December 13, 2014 by vilipetek
namespace DemoApplication
{
class Program
{
const int DataSize = 1024;
static void Main(string[] args)
{
double[] x = new double[DataSize];
double[] y = new double[DataSize];
// generate the data
Random rand = new Random();
for (int i = 0; i < DataSize; i++)
{
x[i] = i;
y[i] = Math.Sin((double)i / 1024.0 * Math.PI * 2) + (rand.NextDouble() - 0.5);
}
// fit the data
var polyfit = new PolyFit(x, y, 3);
var fitted = polyfit.Fit(x);
}
}
}
Main class used for polynomial fitting is PolyFit.
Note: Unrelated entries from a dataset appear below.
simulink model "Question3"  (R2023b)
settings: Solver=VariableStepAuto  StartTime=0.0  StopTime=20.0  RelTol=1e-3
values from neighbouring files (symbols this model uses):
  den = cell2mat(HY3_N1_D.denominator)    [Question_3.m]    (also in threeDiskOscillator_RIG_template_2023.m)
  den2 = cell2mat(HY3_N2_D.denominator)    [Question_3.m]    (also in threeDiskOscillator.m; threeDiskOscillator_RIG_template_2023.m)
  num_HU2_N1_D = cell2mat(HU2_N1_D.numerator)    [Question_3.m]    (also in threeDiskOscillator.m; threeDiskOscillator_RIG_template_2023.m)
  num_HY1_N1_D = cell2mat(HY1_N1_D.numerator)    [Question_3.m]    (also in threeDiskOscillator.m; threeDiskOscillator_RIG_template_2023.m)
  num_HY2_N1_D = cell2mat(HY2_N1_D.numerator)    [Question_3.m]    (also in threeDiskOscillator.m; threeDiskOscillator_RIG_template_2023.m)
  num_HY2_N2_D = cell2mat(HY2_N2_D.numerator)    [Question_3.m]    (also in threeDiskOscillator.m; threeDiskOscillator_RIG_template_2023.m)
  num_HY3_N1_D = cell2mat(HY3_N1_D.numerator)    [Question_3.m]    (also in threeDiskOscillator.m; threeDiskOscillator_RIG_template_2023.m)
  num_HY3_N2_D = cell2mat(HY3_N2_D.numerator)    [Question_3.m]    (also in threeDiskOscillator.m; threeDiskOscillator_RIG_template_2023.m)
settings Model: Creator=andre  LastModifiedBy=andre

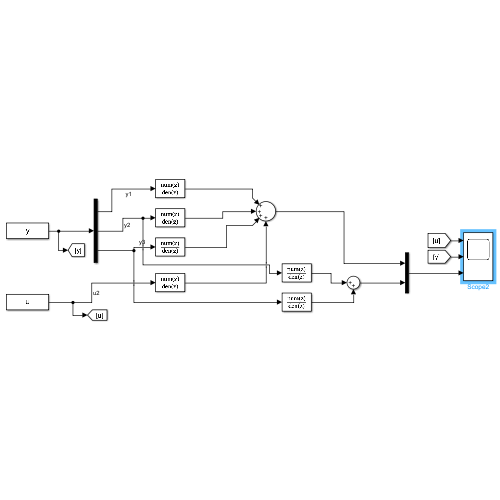
[thumbnail: Simulink's stored preview of the top-level diagram]
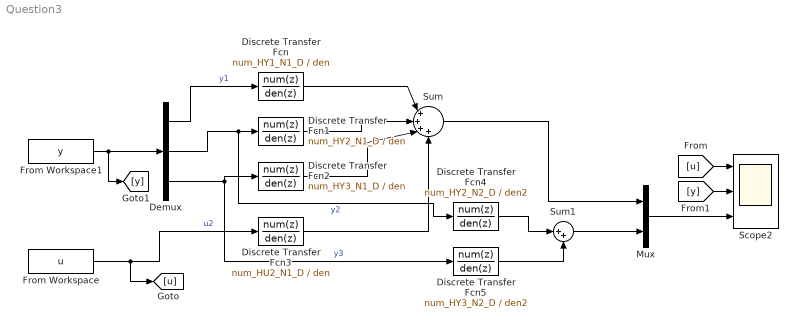
== system Question3 ==
  Demux : Demux  Outputs=3
  Discrete Transfer Fcn : DiscreteTransferFcn  Numerator=num_HY1_N1_D  Denominator=den
  Discrete Transfer Fcn1 : DiscreteTransferFcn  Numerator=num_HY2_N1_D  Denominator=den
  Discrete Transfer Fcn2 : DiscreteTransferFcn  Numerator=num_HY3_N1_D  Denominator=den
  Discrete Transfer Fcn3 : DiscreteTransferFcn  Numerator=num_HU2_N1_D  Denominator=den
  Discrete Transfer Fcn4 : DiscreteTransferFcn  Numerator=num_HY2_N2_D  Denominator=den2
  Discrete Transfer Fcn5 : DiscreteTransferFcn  Numerator=num_HY3_N2_D  Denominator=den2
  From Workspace : FromWorkspace  VariableName=u
  From Workspace1 : FromWorkspace  VariableName=y  SampleTime=0.004
  Mux : Mux  Inputs=2
  Scope2 : Scope  NumInputPorts=3
  Sum : Sum  Inputs=|++++
  Sum1 : Sum  Inputs=|++
  wires:
  Mux/1 -> Scope2/3
  Sum1/1 -> Mux/2
  Demux/1 -> Discrete Transfer Fcn/1  "y1"
  Discrete Transfer Fcn4/1 -> Sum1/1
  Demux/3 -> Discrete Transfer Fcn5/1, Discrete Transfer Fcn2/1  "y3"
  From Workspace/1 -> [u], Discrete Transfer Fcn3/1  "u2"
  Demux/2 -> Discrete Transfer Fcn4/1, Discrete Transfer Fcn1/1  "y2"
  Discrete Transfer Fcn5/1 -> Sum1/2
  Sum/1 -> Mux/1
  Discrete Transfer Fcn3/1 -> Sum/4
  Discrete Transfer Fcn1/1 -> Sum/2
  Discrete Transfer Fcn2/1 -> Sum/3
  Discrete Transfer Fcn/1 -> Sum/1
  From Workspace1/1 -> [y], Demux/1
  [y] -> Scope2/2
  [u] -> Scope2/1

It relies on further internal classes but their listing is beyond the scope of this post.
public class PolyFit
{
/// <summary>
/// Coefficients of a polynomial starting at the constant coefficient
/// and ending with the coefficient of power to the chosen order.
/// </summary>
public double[] Coeff { get; private set; }
/// <summary>
/// Finds the coefficients of a polynomial p(x) of degree n that fits the data,
/// p(x(i)) to y(i), in a least squares sense. The result p is a row vector of
/// length n+1 containing the polynomial coefficients in incremental powers.
/// </summary>
/// <param name="x">x axis values</param>
/// <param name="y">y axis values</param>
/// <param name="order">polynomial order including the constant</param>
public PolyFit(double[] x, double[] y, int order)
{
// incrememnt the order to match matlab way
double[,] matrixX = new double[x.Count(), ++order];
double[,] matrixY = new double[x.Count(), 1];
if (x.Length != y.Length)
{
throw new ArgumentException("x and y array lengths do not match!");
}
// copy y matrix
for (int i = 0; i < y.Count(); i++)
{
matrixY[i, 0] = y[i];
}
// create the X matrix
for (int row = 0; row < x.Count(); row++)
{
double nVal = 1.0f;
for (int col = 0; col < order; col++)
{
matrixX[row, col] = nVal;
nVal *= x[row];
}
}
var matrixXt = matrixX.Transpose();
var matrixXtX = matrixXt.Product(matrixX);
var matrixXtY = matrixXt.Product(matrixY);
var lu = new LUDecomposition(matrixXtX);
Coeff = lu.Solve(matrixXtY).GetColumn(0).ToArray();
}
/// <summary>
/// Calculates the value of a polynomial of degree n evaluated at x. The input argument
/// pCoeff is a vector of length n+1 whose elements are the coefficients in incremental
/// powers of the polynomial to be evaluated.
/// </summary>
/// <param name="x">Array of x values</param>
/// <returns>Array of fitted y values</returns>
public double[] Fit(double[] x)
{
double[] y = new double[x.Length];
int pos = 0;
foreach (double xval in x)
{
double xcoeff = 1;
foreach (double coeffval in Coeff)
{
// multiply current x by a coefficient
y[pos] += coeffval * xcoeff;
// power up the X
xcoeff *= xval;
}
pos++;
}
return y;
}
}